The beauty of people saying what they're afraid of, where they need help, and the church praying with them.
MS. TIPPETT: And talk about what you are thinking when you talk about sacred carnality in The Art of Memoir .
DR. KARR: What I liked about the Catholic church that I didn’t find, say, in the Protestant tradition, there’s a body on the cross.
MS. TIPPETT: Yeah.
DR. KARR: Even just being in mass that you stand up and kneel down, that you move in unison, that I know a lot of cradle Catholics complain about how sheep-like you feel, or they’re like dumb cattle or something like that, but I sort of found it — it’s like being in hip hop class. [laughs] When you move like everybody, you kind of feel like you are like them. And the idea that we’re hunks of meat incarnate — in meat, that it’s not metaphorical, the idea of Jesus and the Eucharist. It’s not a metaphor that you’re going to be renewed. It’s not a metaphor of his body or his “teaching,” quote-unquote, or his love or whatever. It’s his body. It’s so lurid.
And I remember looking at the body on the cross and saying to my son that — I don’t even remember whether I ever wrote about this or not — but I remember looking at it before we were baptized and saying, “I don’t get this whole crucifixion thing. It’s so awful. I mean, the suffering, beaten critter nailed up there is just so gross. Why don’t they just have you say the jump rope rhymes, and then you’re redeemed?” And my kid, who was young, like, maybe, I don’t know, 8 or 9 said, “Who would pay attention to that?”

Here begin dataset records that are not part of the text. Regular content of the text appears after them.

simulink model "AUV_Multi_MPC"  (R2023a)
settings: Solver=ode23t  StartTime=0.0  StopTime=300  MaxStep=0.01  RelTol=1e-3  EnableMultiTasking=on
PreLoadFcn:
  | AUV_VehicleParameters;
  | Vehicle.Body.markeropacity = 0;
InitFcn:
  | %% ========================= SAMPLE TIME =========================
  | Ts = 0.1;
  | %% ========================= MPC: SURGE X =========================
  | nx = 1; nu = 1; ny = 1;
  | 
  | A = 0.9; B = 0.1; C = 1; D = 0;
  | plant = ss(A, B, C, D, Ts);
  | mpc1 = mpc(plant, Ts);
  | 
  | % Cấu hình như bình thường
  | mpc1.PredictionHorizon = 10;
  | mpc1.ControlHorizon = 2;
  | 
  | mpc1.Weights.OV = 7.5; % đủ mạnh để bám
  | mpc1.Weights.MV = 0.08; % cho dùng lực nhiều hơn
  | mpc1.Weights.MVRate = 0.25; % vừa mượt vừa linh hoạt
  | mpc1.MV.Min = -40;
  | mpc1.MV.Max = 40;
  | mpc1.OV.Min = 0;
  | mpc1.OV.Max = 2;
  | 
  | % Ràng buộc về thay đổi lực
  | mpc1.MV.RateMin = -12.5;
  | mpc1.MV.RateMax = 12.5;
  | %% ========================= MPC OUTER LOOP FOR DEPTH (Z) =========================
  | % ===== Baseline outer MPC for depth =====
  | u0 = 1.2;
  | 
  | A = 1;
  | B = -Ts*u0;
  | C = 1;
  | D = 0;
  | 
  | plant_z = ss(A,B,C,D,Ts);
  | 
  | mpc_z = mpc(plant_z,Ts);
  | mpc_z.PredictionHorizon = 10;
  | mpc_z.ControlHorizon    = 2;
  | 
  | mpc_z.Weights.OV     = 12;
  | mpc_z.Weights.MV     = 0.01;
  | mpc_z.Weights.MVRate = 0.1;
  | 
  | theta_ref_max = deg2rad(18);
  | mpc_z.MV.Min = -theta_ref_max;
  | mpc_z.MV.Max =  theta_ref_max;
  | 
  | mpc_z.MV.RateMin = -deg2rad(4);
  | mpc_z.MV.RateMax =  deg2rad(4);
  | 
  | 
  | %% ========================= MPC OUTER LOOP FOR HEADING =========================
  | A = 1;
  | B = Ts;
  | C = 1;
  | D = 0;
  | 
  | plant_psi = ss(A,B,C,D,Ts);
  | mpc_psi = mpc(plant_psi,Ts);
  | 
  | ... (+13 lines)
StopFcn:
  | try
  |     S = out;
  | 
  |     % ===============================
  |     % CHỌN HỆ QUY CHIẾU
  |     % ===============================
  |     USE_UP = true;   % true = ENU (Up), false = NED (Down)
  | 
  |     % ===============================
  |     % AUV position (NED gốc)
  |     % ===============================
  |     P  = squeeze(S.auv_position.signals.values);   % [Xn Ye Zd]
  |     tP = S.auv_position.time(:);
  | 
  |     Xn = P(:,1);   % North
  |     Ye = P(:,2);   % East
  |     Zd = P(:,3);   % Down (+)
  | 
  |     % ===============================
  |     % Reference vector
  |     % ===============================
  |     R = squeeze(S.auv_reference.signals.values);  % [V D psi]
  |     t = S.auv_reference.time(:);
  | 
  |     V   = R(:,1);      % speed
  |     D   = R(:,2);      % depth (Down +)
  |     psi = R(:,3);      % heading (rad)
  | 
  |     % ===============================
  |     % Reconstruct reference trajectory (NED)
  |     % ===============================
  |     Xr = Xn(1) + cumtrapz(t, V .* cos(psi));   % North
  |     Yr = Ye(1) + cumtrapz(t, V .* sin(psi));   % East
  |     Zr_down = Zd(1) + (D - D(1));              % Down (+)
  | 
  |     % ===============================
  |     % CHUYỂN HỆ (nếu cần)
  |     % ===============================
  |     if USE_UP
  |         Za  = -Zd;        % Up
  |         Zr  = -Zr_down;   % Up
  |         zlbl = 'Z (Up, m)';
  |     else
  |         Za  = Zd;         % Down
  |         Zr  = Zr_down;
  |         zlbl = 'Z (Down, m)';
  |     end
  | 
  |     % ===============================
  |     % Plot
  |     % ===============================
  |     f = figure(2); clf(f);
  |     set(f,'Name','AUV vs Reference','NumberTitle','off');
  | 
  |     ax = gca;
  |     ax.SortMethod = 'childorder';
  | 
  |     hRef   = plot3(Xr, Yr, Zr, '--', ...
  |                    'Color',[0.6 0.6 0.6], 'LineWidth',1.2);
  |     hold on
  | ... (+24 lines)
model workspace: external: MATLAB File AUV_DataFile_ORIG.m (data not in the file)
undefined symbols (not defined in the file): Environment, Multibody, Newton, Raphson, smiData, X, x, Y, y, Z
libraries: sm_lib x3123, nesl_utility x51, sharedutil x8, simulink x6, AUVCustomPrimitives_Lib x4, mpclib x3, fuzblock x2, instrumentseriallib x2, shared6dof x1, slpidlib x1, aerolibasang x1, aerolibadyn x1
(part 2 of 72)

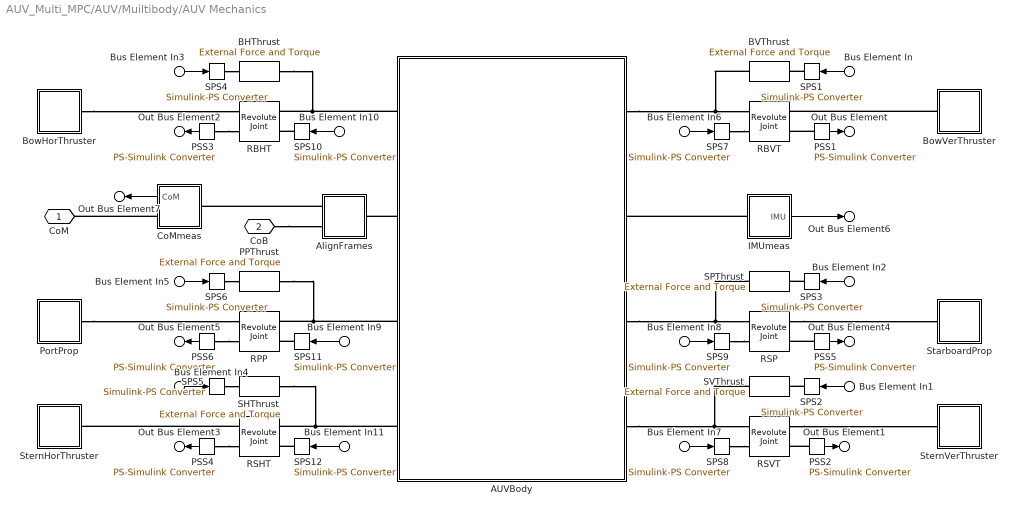
== system AUV_Multi_MPC/AUV/Muiltibody/AUV Mechanics ==
  Bus Element In : Inport  PortName=Actuators  Element=Thrusters.BVTf
  Bus Element In1 : Inport  PortName=Actuators  Element=Thrusters.SVTf
  Bus Element In3 : Inport  PortName=Actuators  Element=Thrusters.BHTf
  Bus Element In4 : Inport  PortName=Actuators  Element=Thrusters.SHTf
  Bus Element In6 : Inport  PortName=Actuators  Element=Thrusters.BVTt
  Bus Element In7 : Inport  PortName=Actuators  Element=Thrusters.SVTt
  Bus Element In10 : Inport  PortName=Actuators  Element=Thrusters.BHTt
  Bus Element In11 : Inport  PortName=Actuators  Element=Thrusters.SHTt
  Bus Element In2 : Inport  PortName=Actuators  Element=Propellers.SPf
  Bus Element In5 : Inport  PortName=Actuators  Element=Propellers.PPf
  Bus Element In8 : Inport  PortName=Actuators  Element=Propellers.SPt
  Bus Element In9 : Inport  PortName=Actuators  Element=Propellers.PPt
  AUVBody : Subsystem
      mask Display: image('AUVBody.png');
  AlignFrames : Subsystem
  BHThrust : sm_lib/Forces and Torques/External Force and Torque  ForceResolutionFrame=AttachedFrame  EnableForceX=off  EnableForceY=off  EnableForceZ=on  EnableForce=off  TorqueResolutionFrame=AttachedFrame  EnableTorqueX=off  EnableTorqueY=off  EnableTorqueZ=off  EnableTorque=off
  BVThrust : sm_lib/Forces and Torques/External Force and Torque  ForceResolutionFrame=AttachedFrame  EnableForceX=off  EnableForceY=off  EnableForceZ=on  EnableForce=off  TorqueResolutionFrame=AttachedFrame  EnableTorqueX=off  EnableTorqueY=off  EnableTorqueZ=off  EnableTorque=off
  BowHorThruster : Subsystem
      mask Display: image('TunnelThrusterProp.png',[0.15,0.25,0.7,0.5]);
  BowVerThruster : Subsystem
      mask Display: image('TunnelThrusterProp.png',[0.15,0.25,0.7,0.5]);
  CoMmeas : Subsystem
  IMUmeas : Subsystem
  PPThrust : sm_lib/Forces and Torques/External Force and Torque  ForceResolutionFrame=AttachedFrame  EnableForceX=off  EnableForceY=off  EnableForceZ=on  EnableForce=off  TorqueResolutionFrame=AttachedFrame  EnableTorqueX=off  EnableTorqueY=off  EnableTorqueZ=off  EnableTorque=off
  PSS{1..6} (6 alike) : nesl_utility/PS-Simulink Converter  PhysicalDomain=network_engine_domain  SubClassName=ps_output  LeftPortType=input  RightPortType=output  PseudoPeriodic=off  Frequencies=[]  VectorFormat=1-D array  Unit=rad/s  AffineConversion=off
  PortProp : Subsystem
      mask Display: image('MainProp.png',[0.1,0.1,0.8,0.8]);
  RBHT : sm_lib/Joints/Revolute Joint  JointMode=Normal  SenseConstraintForce=off  SenseConstraintForceX=off  SenseConstraintForceY=off  SenseConstraintForceZ=off  SenseConstraintTorque=off  SenseConstraintTorqueX=off  SenseConstraintTorqueY=off  SenseConstraintTorqueZ=off  SenseTotalForce=off  SenseTotalForceX=off  SenseTotalForceY=off  SenseTotalForceZ=off  SenseTotalTorque=off  SenseTotalTorqueX=off  SenseTotalTorqueY=off  SenseTotalTorqueZ=off  CompositeWrenchDir=FollowerOnBase  CompositeWrenchFrame=BaseFrame  EquilibriumPosition=0  EquilibriumPositionUnits=rad  SpringStiffness=0  SpringStiffnessUnits=N*m/rad  DampingCoefficient=0  DampingCoefficientUnits=N*m/(rad/s)  TorqueActuationMode=InputTorque  MotionActuationMode=ComputedMotion  SensePosition=off  SenseVelocity=on  SenseAcceleration=off  SenseTorqueForce=off  SenseLowerLimitTorqueForce=off  SenseUpperLimitTorqueForce=off  LowerLimitSpecify=off  LowerLimitBound=-90  LowerLimitBoundUnits=deg  LowerLimitStiffness=1e4  LowerLimitStiffnessUnits=N*m/deg  LowerLimitDamping=10  LowerLimitDampingUnits=N*m/(deg/s)  LowerLimitTransitionRegionWidth=0.1  LowerLimitTransitionRegionWidthUnits=deg  UpperLimitSpecify=off  UpperLimitBound=90  UpperLimitBoundUnits=deg  UpperLimitStiffness=1e4  UpperLimitStiffnessUnits=N*m/deg  UpperLimitDamping=10  UpperLimitDampingUnits=N*m/(deg/s)  UpperLimitTransitionRegionWidth=0.1  UpperLimitTransitionRegionWidthUnits=deg  PositionTargetSpecify=on  PositionTargetPriority=Low  PositionTargetValue=smiData.RevoluteJoint(5).Rz.Pos  PositionTargetValueUnits=deg  VelocityTargetSpecify=off  VelocityTargetPriority=High  VelocityTargetValue=0  VelocityTargetValueUnits=deg/s
  RBVT : sm_lib/Joints/Revolute Joint  JointMode=Normal  SenseConstraintForce=off  SenseConstraintForceX=off  SenseConstraintForceY=off  SenseConstraintForceZ=off  SenseConstraintTorque=off  SenseConstraintTorqueX=off  SenseConstraintTorqueY=off  SenseConstraintTorqueZ=off  SenseTotalForce=off  SenseTotalForceX=off  SenseTotalForceY=off  SenseTotalForceZ=off  SenseTotalTorque=off  SenseTotalTorqueX=off  SenseTotalTorqueY=off  SenseTotalTorqueZ=off  CompositeWrenchDir=FollowerOnBase  CompositeWrenchFrame=BaseFrame  EquilibriumPosition=0  EquilibriumPositionUnits=rad  SpringStiffness=0  SpringStiffnessUnits=N*m/rad  DampingCoefficient=0  DampingCoefficientUnits=N*m/(rad/s)  TorqueActuationMode=InputTorque  MotionActuationMode=ComputedMotion  SensePosition=off  SenseVelocity=on  SenseAcceleration=off  SenseTorqueForce=off  SenseLowerLimitTorqueForce=off  SenseUpperLimitTorqueForce=off  LowerLimitSpecify=off  LowerLimitBound=-90  LowerLimitBoundUnits=deg  LowerLimitStiffness=1e4  LowerLimitStiffnessUnits=N*m/deg  LowerLimitDamping=10  LowerLimitDampingUnits=N*m/(deg/s)  LowerLimitTransitionRegionWidth=0.1  LowerLimitTransitionRegionWidthUnits=deg  UpperLimitSpecify=off  UpperLimitBound=90  UpperLimitBoundUnits=deg  UpperLimitStiffness=1e4  UpperLimitStiffnessUnits=N*m/deg  UpperLimitDamping=10  UpperLimitDampingUnits=N*m/(deg/s)  UpperLimitTransitionRegionWidth=0.1  UpperLimitTransitionRegionWidthUnits=deg  PositionTargetSpecify=on  PositionTargetPriority=Low  PositionTargetValue=smiData.RevoluteJoint(2).Rz.Pos  PositionTargetValueUnits=deg  VelocityTargetSpecify=off  VelocityTargetPriority=High  VelocityTargetValue=0  VelocityTargetValueUnits=deg/s
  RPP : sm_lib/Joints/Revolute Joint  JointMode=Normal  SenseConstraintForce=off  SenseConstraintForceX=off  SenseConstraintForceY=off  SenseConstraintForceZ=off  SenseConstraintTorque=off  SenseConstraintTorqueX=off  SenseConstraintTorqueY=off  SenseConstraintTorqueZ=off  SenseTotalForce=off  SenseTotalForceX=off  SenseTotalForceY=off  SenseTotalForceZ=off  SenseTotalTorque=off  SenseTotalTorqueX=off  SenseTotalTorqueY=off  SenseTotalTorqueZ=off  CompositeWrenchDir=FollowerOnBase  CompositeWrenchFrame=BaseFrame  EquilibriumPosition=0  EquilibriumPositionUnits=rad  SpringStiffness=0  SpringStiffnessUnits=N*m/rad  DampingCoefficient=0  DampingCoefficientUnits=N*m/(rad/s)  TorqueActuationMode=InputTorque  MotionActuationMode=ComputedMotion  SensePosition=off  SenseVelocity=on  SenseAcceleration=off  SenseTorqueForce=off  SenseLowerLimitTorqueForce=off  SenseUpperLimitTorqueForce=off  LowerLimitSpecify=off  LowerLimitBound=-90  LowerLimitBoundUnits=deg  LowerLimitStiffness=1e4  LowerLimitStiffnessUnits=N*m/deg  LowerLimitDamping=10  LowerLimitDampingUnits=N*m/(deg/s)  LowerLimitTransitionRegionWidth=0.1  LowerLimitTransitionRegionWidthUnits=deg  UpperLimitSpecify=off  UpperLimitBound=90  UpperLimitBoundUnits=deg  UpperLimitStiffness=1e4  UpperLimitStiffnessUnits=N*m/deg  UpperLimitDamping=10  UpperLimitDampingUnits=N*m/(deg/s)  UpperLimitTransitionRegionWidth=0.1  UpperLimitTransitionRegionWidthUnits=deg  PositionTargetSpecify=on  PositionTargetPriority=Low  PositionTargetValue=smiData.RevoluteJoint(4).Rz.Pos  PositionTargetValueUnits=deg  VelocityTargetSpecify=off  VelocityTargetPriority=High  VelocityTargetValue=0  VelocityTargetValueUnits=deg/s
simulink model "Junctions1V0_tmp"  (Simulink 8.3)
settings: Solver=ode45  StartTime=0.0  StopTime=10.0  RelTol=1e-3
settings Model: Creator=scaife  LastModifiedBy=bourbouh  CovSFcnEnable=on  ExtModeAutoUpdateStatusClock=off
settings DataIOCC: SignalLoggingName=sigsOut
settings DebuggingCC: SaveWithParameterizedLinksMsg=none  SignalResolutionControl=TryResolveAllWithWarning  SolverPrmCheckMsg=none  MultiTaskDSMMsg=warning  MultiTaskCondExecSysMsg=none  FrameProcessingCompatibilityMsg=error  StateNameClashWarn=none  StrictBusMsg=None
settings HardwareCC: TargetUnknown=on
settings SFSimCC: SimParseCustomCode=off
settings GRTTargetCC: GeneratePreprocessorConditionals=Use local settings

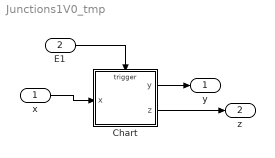
== system Junctions1V0_tmp ==
  x : Inport
  E1 : Inport  Port=2
  Chart : Stateflow chart  TreatAsAtomicUnit=on
      settings: PermitHierarchicalResolution=ParametersOnly
  y : Outport
  z : Outport  Port=2
  wires:
  Chart/1(y) -> y/1
  Chart/2(z) -> z/1
  E1/1 -> Chart/Trigger
  x/1 -> Chart/1(x)

== stateflow chart Chart ==
  state A
  state B
  state C
  B -> A : [x>3]
  (default) -> A
  C -> A : [x>3]
  A -> (junction 10) : E1[x>0]{y++}/z+=2
  (junction 10) -> C [order 2] : [x<=2]{y++}/z++
  (junction 10) -> B [order 1] : [x>2]{y+=2}/z++;z++
  data: x input int32; y output int32 =1; z output int32 =2
  events: E1 input EITHER_EDGE_EVENT

MS. TIPPETT: [laughs] Right.
DR. KARR: And he said, “This is like Pulp Fiction.” My mother, the one time I left him with her, had let him watch Pulp Fiction when he was, like, 7 years old. And he said, “This is like Pulp Fiction. It’s just like — everybody is going to gawk at this.”
MS. TIPPETT: [laughs] Right.
DR. KARR: And then I suddenly thought, what else would we pay attention to as human beings but this grizzly, awful, morbid thing? You’re not going to look at that and say, “Oh, you don’t know about suffering. You’re God. What do you know about suffering?” You’re going to look and say, “Oh, you were a hunk of meat like me. Wow.” That’s a radical — that idea of descending theology of the spirit being in these hunks of flesh, it’s — wow. It’s a big deal.
Standing up and sitting down like a hip hop class. The "crucifixion thing" like Pulp Fiction. Surprising and so right, so true.
DR. KARR: I remember before I did The Ignatian exercises, which I did, like, probably around 2000, ‘98, it was all very metaphorical for me.
MS. TIPPETT: Yeah.
DR. KARR: It was all very groovy kind of new-agey. Resurrection was starting over in some kind of hippy-dippy way. And in Ignatian spirituality there’s a thing you do where you compose a scene with your body with all the senses that composes — the way St. Ignatius writes about it, it’s like, if you’re at the nativity, if you’re at the crucifixion, what can you smell? What do you touch? What does the cloth feel like on your skin? What do you hear? What do you feel? You try to put yourself bodily — using your senses into passages from the scripture.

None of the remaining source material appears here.